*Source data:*

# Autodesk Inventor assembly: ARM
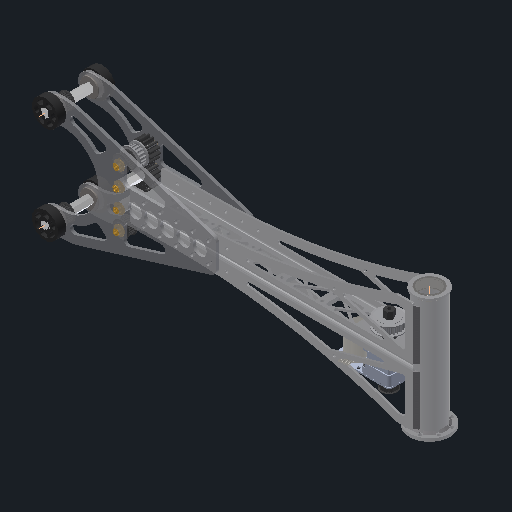
[picture p0: Inventor's stored thumbnail of the model, 512x512]
Saved by Autodesk Inventor 2024.3 (Build 283343000, 343)
## iProperties
Category: _
Manager: _
ILogicPurgeVersion: 0.0.0.0
OnSaveVersion: 3.5.0.0
OnSaveAssembly: COREAutomationManager
Created: 2025-03-17
Part Number: ARM
Checked By: 00
Engr Approved By: _
User Status: Work In Process
Description: ASSY,STANDARD (mm)
Document SubType Name: Assembly
Mfg Approved By: John.Thibert
Designer: John Thibert
Mass: 2242.11 g
Surface Area: 5182.36 cm^2
Volume: 805.847 cm^3
Density: 2.7823 g/cm^3
CN_MASS: 2.24
CN_SERVICEABLE: _
FIRST_DESCRIPTION: _
SECOND_DESCRIPTION: _
THIRD_DESCRIPTION: _
CL_runCount: 0
ModelCat: Uncategorized
Subject: _
Author: John Thibert
Keywords: -
Revision Number: A
## Documents named in this file (15)
- C:\Users\jings\OneDrive\Desktop\FRC 5885\2025-Poseidon-Mechanical\ARM.iam
- C:\Users\jings\OneDrive\Desktop\FRC 5885\2025-Poseidon-Mechanical\WELDMENT,ARM.iam
- C:\Users\jings\OneDrive\Desktop\FRC 5885\2025-Poseidon-Mechanical\180 speed reduced.ipt
- C:\Users\jings\OneDrive\Desktop\FRC 5885\2025-Poseidon-Mechanical\CONTROLS,MOTOR,NEO,550.ipt
- C:\Users\jings\OneDrive\Desktop\FRC 5885\2025-Poseidon-Mechanical\PLATE,END_EFFECTOR,ARM.ipt
- C:\Users\jings\OneDrive\Desktop\FRC 5885\2025-Poseidon-Mechanical\PURCHASED,HEX_BEARING.ipt
- C:\Users\jings\OneDrive\Desktop\FRC 5885\2025-Poseidon-Mechanical\Purchased\5905K518_Needle-Roller Bearing.ipt
- C:\Users\jings\OneDrive\Desktop\FRC 5885\2025-Poseidon-Mechanical\SHAFT,HEX,0.5,WHEELS,ARM.ipt
- C:\Users\jings\OneDrive\Desktop\FRC 5885\2025-Poseidon-Mechanical\1.625 OD Straight Flex Wheel (217-6350)\1.625 OD Straight Flex Wheel (217-6350)\1.625 OD Straight Flex Wheel (217-6350).ipt
- C:\Users\jings\OneDrive\Desktop\FRC 5885\2025-Poseidon-Mechanical\24T x 9mm Wide Double Flange Aluminum Pulley (GT2 3mm, 1_2 Hex Bore) (217-5875)\24T x 9mm Wide Double Flange Aluminum Pulley (GT2 3mm, 1_2 Hex Bore) (217.ipt
- C:\Users\jings\OneDrive\Desktop\FRC 5885\2025-Poseidon-Mechanical\BUSHING,SHAFT,END_EFFECTOR,ARM.ipt
- C:\Users\jings\OneDrive\Desktop\FRC 5885\2025-Poseidon-Mechanical\SHAFT,HEX,0.5,DRIVESHAFT,ARM.ipt
- C:\Users\jings\OneDrive\Desktop\FRC 5885\2025-Poseidon-Mechanical\18T x 9mm Wide Double Flange Aluminum Pulley (HTD 5mm, 1_2” Hex Bore) (217-3225)\18T x 9mm Wide Double Flange Aluminum Pulley (HTD 5mm, 1_2” Hex Bore) (2.ipt
- C:\Users\jings\OneDrive\Desktop\FRC 5885\2025-Poseidon-Mechanical\24T x 9mm Wide Double Flange Aluminum Pulley (HTD 5mm, 1_2” Hex Bore) (217-3227)\24T x 9mm Wide Double Flange Aluminum Pulley (HTD 5mm, 1_2” Hex Bore) (2.ipt
- C:\Users\jings\OneDrive\Desktop\FRC 5885\2025-Poseidon-Mechanical\GEAR,END_EFFECTOR,ARM.ipt
## Components (39 placed, 14 different names)
1. WELDMENT,ARM:1 [sub-assembly] — Mate:2, Mate:11, Mate:12, Mate:13, Flush:2, Flush:3, Mate:14, Mate:15, Mate:16, Mate:17, Mate:18
2. 180 speed reduced:1 — Mate:2, Mate:14, Mate:52, Mate:53
3. CONTROLS,MOTOR,NEO,550:1
4. PURCHASED,HEX_BEARING:3 — Insert:7, Flush:5, Mate:28, Mate:35, Mate:50
5. PURCHASED,HEX_BEARING:1 — Mate:27, Mate:34
6. PURCHASED,HEX_BEARING:2 — Insert:6, Mate:22, Mate:37, Mate:51
7. PURCHASED,HEX_BEARING:4 — Mate:24, Mate:36
8. PLATE,END_EFFECTOR,ARM:2 — Mate:16, Mate:17, Mate:18
9. PLATE,END_EFFECTOR,ARM:3 — Mate:11, Mate:12, Mate:15, Insert:6, Insert:7, Mate:19, Mate:20
10. 5905K518_Needle-Roller Bearing:2
11. 5905K518_Needle-Roller Bearing:1
12. SHAFT,HEX,0.5,WHEELS,ARM:1 — Mate:19, Flush:4, Flush:5, Mate:25, Mate:26, Mate:31, Mate:32, Mate:34, Mate:35, Angle:1, Angle:2
13. SHAFT,HEX,0.5,WHEELS,ARM:2 — Mate:20, Flush:4, Mate:21, Mate:23, Mate:29, Mate:30, Mate:36, Mate:37, Angle:3, Angle:4
14. 1.625 OD Straight Flex Wheel (217-6350):1 — Mate:21, Mate:22, Angle:4
15. 1.625 OD Straight Flex Wheel (217-6350):2 — Mate:23, Mate:24, Angle:3
16. 1.625 OD Straight Flex Wheel (217-6350):3 — Mate:25, Mate:28, Angle:1
17. 1.625 OD Straight Flex Wheel (217-6350):4 — Mate:26, Mate:27, Angle:2
18. 24T x 9mm Wide Double Flange Aluminum Pulley (GT2 3mm, 1_2 Hex Bore) (217:1 — Mate:29, Mate:30, Flush:6, Mate:51, Rotation:5
19. 24T x 9mm Wide Double Flange Aluminum Pulley (GT2 3mm, 1_2 Hex Bore) (217:2 — Mate:31, Mate:32, Flush:7, Mate:50, Rotation:4
20. BUSHING,SHAFT,END_EFFECTOR,ARM:1 — Mate:39
21. BUSHING,SHAFT,END_EFFECTOR,ARM:2 — Mate:44
22. BUSHING,SHAFT,END_EFFECTOR,ARM:3 — Mate:43
23. BUSHING,SHAFT,END_EFFECTOR,ARM:4 — Mate:45
24. BUSHING,SHAFT,END_EFFECTOR,ARM:5 — Mate:38, Mate:61
25. BUSHING,SHAFT,END_EFFECTOR,ARM:6 — Mate:40
26. BUSHING,SHAFT,END_EFFECTOR,ARM:7 — Mate:41
27. BUSHING,SHAFT,END_EFFECTOR,ARM:8 — Mate:42
28. SHAFT,HEX,0.5,DRIVESHAFT,ARM:1 — Mate:38, Mate:39, Mate:46, Mate:47, Mate:54, Mate:55, Mate:57, Mate:58, Rotation:1
29. SHAFT,HEX,0.5,DRIVESHAFT,ARM:2 — Mate:40, Mate:43, Mate:59, Mate:60, Rotation:1, Rotation:2
30. SHAFT,HEX,0.5,DRIVESHAFT,ARM:3 — Mate:41, Mate:44, Mate:62, Mate:63, Rotation:2, Rotation:3
31. SHAFT,HEX,0.5,DRIVESHAFT,ARM:4 — Mate:42, Mate:45, Mate:48, Mate:49, Mate:64, Mate:65, Rotation:3
32. 24T x 9mm Wide Double Flange Aluminum Pulley (GT2 3mm, 1_2 Hex Bore) (217:3 — Mate:46, Mate:47, Flush:7, Mate:56, Rotation:4
33. 24T x 9mm Wide Double Flange Aluminum Pulley (GT2 3mm, 1_2 Hex Bore) (217:4 — Mate:48, Mate:49, Flush:6, Rotation:5
34. 18T x 9mm Wide Double Flange Aluminum Pulley (HTD 5mm, 1_2” Hex Bore) (2:1 — Mate:54, Mate:55, Mate:56
35. 24T x 9mm Wide Double Flange Aluminum Pulley (HTD 5mm, 1_2” Hex Bore) (2:1 — Mate:52, Mate:53
36. Spur Gear1:1 — Mate:57, Mate:58, Mate:61, Flush:8
37. Spur Gear1:2 — Mate:59, Mate:60, Flush:8, Flush:9
38. Spur Gear1:3 — Mate:62, Mate:63, Flush:9, Flush:10
39. Spur Gear1:4 — Mate:64, Mate:65, Flush:10
## Relationships (87: Mate 56, Insert 13, Flush 9, RelateRotation 5, Angle 4)
- [Insert]: 180 speed reduced:1 ↔ CONTROLS,MOTOR,NEO,550:1
- [Mate] (3.175 mm): WELDMENT,ARM:1 ↔ 180 speed reduced:1
- Mate:2: WELDMENT,ARM:1 ↔ 180 speed reduced:1
- [Insert]: PURCHASED,HEX_BEARING:1 ↔ PLATE,END_EFFECTOR,ARM:2
- [Insert]: PURCHASED,HEX_BEARING:4 ↔ PLATE,END_EFFECTOR,ARM:2
- Mate:11: WELDMENT,ARM:1 ↔ PLATE,END_EFFECTOR,ARM:3
- Mate:12: WELDMENT,ARM:1 ↔ PLATE,END_EFFECTOR,ARM:3
- Mate:13: WELDMENT,ARM:1
- Flush:2: WELDMENT,ARM:1
- Flush:3: WELDMENT,ARM:1
- Mate:14: WELDMENT,ARM:1 ↔ 180 speed reduced:1
- Mate:15: WELDMENT,ARM:1 ↔ PLATE,END_EFFECTOR,ARM:3
- Mate:16: WELDMENT,ARM:1 ↔ PLATE,END_EFFECTOR,ARM:2
- Mate:17: WELDMENT,ARM:1 ↔ PLATE,END_EFFECTOR,ARM:2
- Mate:18: WELDMENT,ARM:1 ↔ PLATE,END_EFFECTOR,ARM:2
- Insert:6: PURCHASED,HEX_BEARING:2 ↔ PLATE,END_EFFECTOR,ARM:3
- Insert:7: PURCHASED,HEX_BEARING:3 ↔ PLATE,END_EFFECTOR,ARM:3
- Mate:19: PLATE,END_EFFECTOR,ARM:3 ↔ SHAFT,HEX,0.5,WHEELS,ARM:1
- Mate:20: PLATE,END_EFFECTOR,ARM:3 ↔ SHAFT,HEX,0.5,WHEELS,ARM:2
- Flush:4: SHAFT,HEX,0.5,WHEELS,ARM:1 ↔ SHAFT,HEX,0.5,WHEELS,ARM:2
- Flush:5 (-12.7 mm): PURCHASED,HEX_BEARING:3 ↔ SHAFT,HEX,0.5,WHEELS,ARM:1
- Mate:21: SHAFT,HEX,0.5,WHEELS,ARM:2 ↔ 1.625 OD Straight Flex Wheel (217-6350):1
- Mate:22: PURCHASED,HEX_BEARING:2 ↔ 1.625 OD Straight Flex Wheel (217-6350):1
- Mate:23: SHAFT,HEX,0.5,WHEELS,ARM:2 ↔ 1.625 OD Straight Flex Wheel (217-6350):2
- Mate:24: PURCHASED,HEX_BEARING:4 ↔ 1.625 OD Straight Flex Wheel (217-6350):2
- Mate:25: SHAFT,HEX,0.5,WHEELS,ARM:1 ↔ 1.625 OD Straight Flex Wheel (217-6350):3
- Mate:26: SHAFT,HEX,0.5,WHEELS,ARM:1 ↔ 1.625 OD Straight Flex Wheel (217-6350):4
- Mate:27: PURCHASED,HEX_BEARING:1 ↔ 1.625 OD Straight Flex Wheel (217-6350):4
- Mate:28: PURCHASED,HEX_BEARING:3 ↔ 1.625 OD Straight Flex Wheel (217-6350):3
- Mate:29: SHAFT,HEX,0.5,WHEELS,ARM:2 ↔ 24T x 9mm Wide Double Flange Aluminum Pulley (GT2 3mm, 1_2 Hex Bore) (217:1
- Mate:30: SHAFT,HEX,0.5,WHEELS,ARM:2 ↔ 24T x 9mm Wide Double Flange Aluminum Pulley (GT2 3mm, 1_2 Hex Bore) (217:1
- Mate:31: SHAFT,HEX,0.5,WHEELS,ARM:1 ↔ 24T x 9mm Wide Double Flange Aluminum Pulley (GT2 3mm, 1_2 Hex Bore) (217:2
- Mate:32: SHAFT,HEX,0.5,WHEELS,ARM:1 ↔ 24T x 9mm Wide Double Flange Aluminum Pulley (GT2 3mm, 1_2 Hex Bore) (217:2
- Mate:34: PURCHASED,HEX_BEARING:1 ↔ SHAFT,HEX,0.5,WHEELS,ARM:1
- Mate:35: PURCHASED,HEX_BEARING:3 ↔ SHAFT,HEX,0.5,WHEELS,ARM:1
- Mate:36: PURCHASED,HEX_BEARING:4 ↔ SHAFT,HEX,0.5,WHEELS,ARM:2
- Mate:37: PURCHASED,HEX_BEARING:2 ↔ SHAFT,HEX,0.5,WHEELS,ARM:2
- [Insert]: PLATE,END_EFFECTOR,ARM:3 ↔ BUSHING,SHAFT,END_EFFECTOR,ARM:1
- [Insert]: PLATE,END_EFFECTOR,ARM:3 ↔ BUSHING,SHAFT,END_EFFECTOR,ARM:3
- [Insert]: PLATE,END_EFFECTOR,ARM:3 ↔ BUSHING,SHAFT,END_EFFECTOR,ARM:2
- [Insert]: PLATE,END_EFFECTOR,ARM:3 ↔ BUSHING,SHAFT,END_EFFECTOR,ARM:4
- [Insert]: PLATE,END_EFFECTOR,ARM:2 ↔ BUSHING,SHAFT,END_EFFECTOR,ARM:5
- [Insert]: PLATE,END_EFFECTOR,ARM:2 ↔ BUSHING,SHAFT,END_EFFECTOR,ARM:6
- [Insert]: PLATE,END_EFFECTOR,ARM:2 ↔ BUSHING,SHAFT,END_EFFECTOR,ARM:8
- [Insert]: PLATE,END_EFFECTOR,ARM:2 ↔ BUSHING,SHAFT,END_EFFECTOR,ARM:7
- Mate:38: BUSHING,SHAFT,END_EFFECTOR,ARM:5 ↔ SHAFT,HEX,0.5,DRIVESHAFT,ARM:1
- Mate:39: BUSHING,SHAFT,END_EFFECTOR,ARM:1 ↔ SHAFT,HEX,0.5,DRIVESHAFT,ARM:1
- Mate:40: BUSHING,SHAFT,END_EFFECTOR,ARM:6 ↔ SHAFT,HEX,0.5,DRIVESHAFT,ARM:2
- Mate:41: BUSHING,SHAFT,END_EFFECTOR,ARM:7 ↔ SHAFT,HEX,0.5,DRIVESHAFT,ARM:3
- Mate:42: BUSHING,SHAFT,END_EFFECTOR,ARM:8 ↔ SHAFT,HEX,0.5,DRIVESHAFT,ARM:4
- Mate:43: BUSHING,SHAFT,END_EFFECTOR,ARM:3 ↔ SHAFT,HEX,0.5,DRIVESHAFT,ARM:2
- Mate:44: BUSHING,SHAFT,END_EFFECTOR,ARM:2 ↔ SHAFT,HEX,0.5,DRIVESHAFT,ARM:3
- Mate:45: BUSHING,SHAFT,END_EFFECTOR,ARM:4 ↔ SHAFT,HEX,0.5,DRIVESHAFT,ARM:4
- Mate:46: SHAFT,HEX,0.5,DRIVESHAFT,ARM:1 ↔ 24T x 9mm Wide Double Flange Aluminum Pulley (GT2 3mm, 1_2 Hex Bore) (217:3
- Mate:47: SHAFT,HEX,0.5,DRIVESHAFT,ARM:1 ↔ 24T x 9mm Wide Double Flange Aluminum Pulley (GT2 3mm, 1_2 Hex Bore) (217:3
- Mate:48: SHAFT,HEX,0.5,DRIVESHAFT,ARM:4 ↔ 24T x 9mm Wide Double Flange Aluminum Pulley (GT2 3mm, 1_2 Hex Bore) (217:4
- Mate:49: SHAFT,HEX,0.5,DRIVESHAFT,ARM:4 ↔ 24T x 9mm Wide Double Flange Aluminum Pulley (GT2 3mm, 1_2 Hex Bore) (217:4
- Flush:6: 24T x 9mm Wide Double Flange Aluminum Pulley (GT2 3mm, 1_2 Hex Bore) (217:1 ↔ 24T x 9mm Wide Double Flange Aluminum Pulley (GT2 3mm, 1_2 Hex Bore) (217:4
- Flush:7: 24T x 9mm Wide Double Flange Aluminum Pulley (GT2 3mm, 1_2 Hex Bore) (217:2 ↔ 24T x 9mm Wide Double Flange Aluminum Pulley (GT2 3mm, 1_2 Hex Bore) (217:3
- Mate:50: PURCHASED,HEX_BEARING:3 ↔ 24T x 9mm Wide Double Flange Aluminum Pulley (GT2 3mm, 1_2 Hex Bore) (217:2
- Mate:51: PURCHASED,HEX_BEARING:2 ↔ 24T x 9mm Wide Double Flange Aluminum Pulley (GT2 3mm, 1_2 Hex Bore) (217:1
- Mate:52: 180 speed reduced:1 ↔ 24T x 9mm Wide Double Flange Aluminum Pulley (HTD 5mm, 1_2” Hex Bore) (2:1
- Mate:53: 180 speed reduced:1 ↔ 24T x 9mm Wide Double Flange Aluminum Pulley (HTD 5mm, 1_2” Hex Bore) (2:1
- Mate:54: SHAFT,HEX,0.5,DRIVESHAFT,ARM:1 ↔ 18T x 9mm Wide Double Flange Aluminum Pulley (HTD 5mm, 1_2” Hex Bore) (2:1
- Mate:55: SHAFT,HEX,0.5,DRIVESHAFT,ARM:1 ↔ 18T x 9mm Wide Double Flange Aluminum Pulley (HTD 5mm, 1_2” Hex Bore) (2:1
- Mate:56: 24T x 9mm Wide Double Flange Aluminum Pulley (GT2 3mm, 1_2 Hex Bore) (217:3 ↔ 18T x 9mm Wide Double Flange Aluminum Pulley (HTD 5mm, 1_2” Hex Bore) (2:1
- Mate:57: SHAFT,HEX,0.5,DRIVESHAFT,ARM:1 ↔ Spur Gear1:1
- Mate:58: SHAFT,HEX,0.5,DRIVESHAFT,ARM:1 ↔ Spur Gear1:1
- Mate:59: SHAFT,HEX,0.5,DRIVESHAFT,ARM:2 ↔ Spur Gear1:2
- Mate:60: SHAFT,HEX,0.5,DRIVESHAFT,ARM:2 ↔ Spur Gear1:2
- Mate:61: BUSHING,SHAFT,END_EFFECTOR,ARM:5 ↔ Spur Gear1:1
- Flush:8: Spur Gear1:1 ↔ Spur Gear1:2
- Mate:62: SHAFT,HEX,0.5,DRIVESHAFT,ARM:3 ↔ Spur Gear1:3
- Mate:63: SHAFT,HEX,0.5,DRIVESHAFT,ARM:3 ↔ Spur Gear1:3
- Mate:64: SHAFT,HEX,0.5,DRIVESHAFT,ARM:4 ↔ Spur Gear1:4
- Mate:65: SHAFT,HEX,0.5,DRIVESHAFT,ARM:4 ↔ Spur Gear1:4
- Flush:9: Spur Gear1:2 ↔ Spur Gear1:3
- Flush:10: Spur Gear1:3 ↔ Spur Gear1:4
- Rotation:1 [RelateRotation] (1 ul): SHAFT,HEX,0.5,DRIVESHAFT,ARM:1 ↔ SHAFT,HEX,0.5,DRIVESHAFT,ARM:2
- Rotation:2 [RelateRotation] (1 ul): SHAFT,HEX,0.5,DRIVESHAFT,ARM:2 ↔ SHAFT,HEX,0.5,DRIVESHAFT,ARM:3
- Rotation:3 [RelateRotation] (1 ul): SHAFT,HEX,0.5,DRIVESHAFT,ARM:3 ↔ SHAFT,HEX,0.5,DRIVESHAFT,ARM:4
- Rotation:4 [RelateRotation] (1 ul): 24T x 9mm Wide Double Flange Aluminum Pulley (GT2 3mm, 1_2 Hex Bore) (217:2 ↔ 24T x 9mm Wide Double Flange Aluminum Pulley (GT2 3mm, 1_2 Hex Bore) (217:3
- Angle:1 (0 deg): SHAFT,HEX,0.5,WHEELS,ARM:1 ↔ 1.625 OD Straight Flex Wheel (217-6350):3
- Angle:2 (0 deg): SHAFT,HEX,0.5,WHEELS,ARM:1 ↔ 1.625 OD Straight Flex Wheel (217-6350):4
- Angle:3 (0 deg): SHAFT,HEX,0.5,WHEELS,ARM:2 ↔ 1.625 OD Straight Flex Wheel (217-6350):2
- Angle:4 (0 deg): SHAFT,HEX,0.5,WHEELS,ARM:2 ↔ 1.625 OD Straight Flex Wheel (217-6350):1
- Rotation:5 [RelateRotation] (1 ul): 24T x 9mm Wide Double Flange Aluminum Pulley (GT2 3mm, 1_2 Hex Bore) (217:1 ↔ 24T x 9mm Wide Double Flange Aluminum Pulley (GT2 3mm, 1_2 Hex Bore) (217:4

*What to produce:*
In the records above, find the line with "Category: _"; write out exactly that line and each one after it, stopping after the line with "THIRD_DESCRIPTION: _".

*Output below:*
Category: _
Manager: _
ILogicPurgeVersion: 0.0.0.0
OnSaveVersion: 3.5.0.0
OnSaveAssembly: COREAutomationManager
Created: 2025-03-17
Part Number: ARM
Checked By: 00
Engr Approved By: _
User Status: Work In Process
Description: ASSY,STANDARD (mm)
Document SubType Name: Assembly
Mfg Approved By: John.Thibert
Designer: John Thibert
Mass: 2242.11 g
Surface Area: 5182.36 cm^2
Volume: 805.847 cm^3
Density: 2.7823 g/cm^3
CN_MASS: 2.24
CN_SERVICEABLE: _
FIRST_DESCRIPTION: _
SECOND_DESCRIPTION: _
THIRD_DESCRIPTION: _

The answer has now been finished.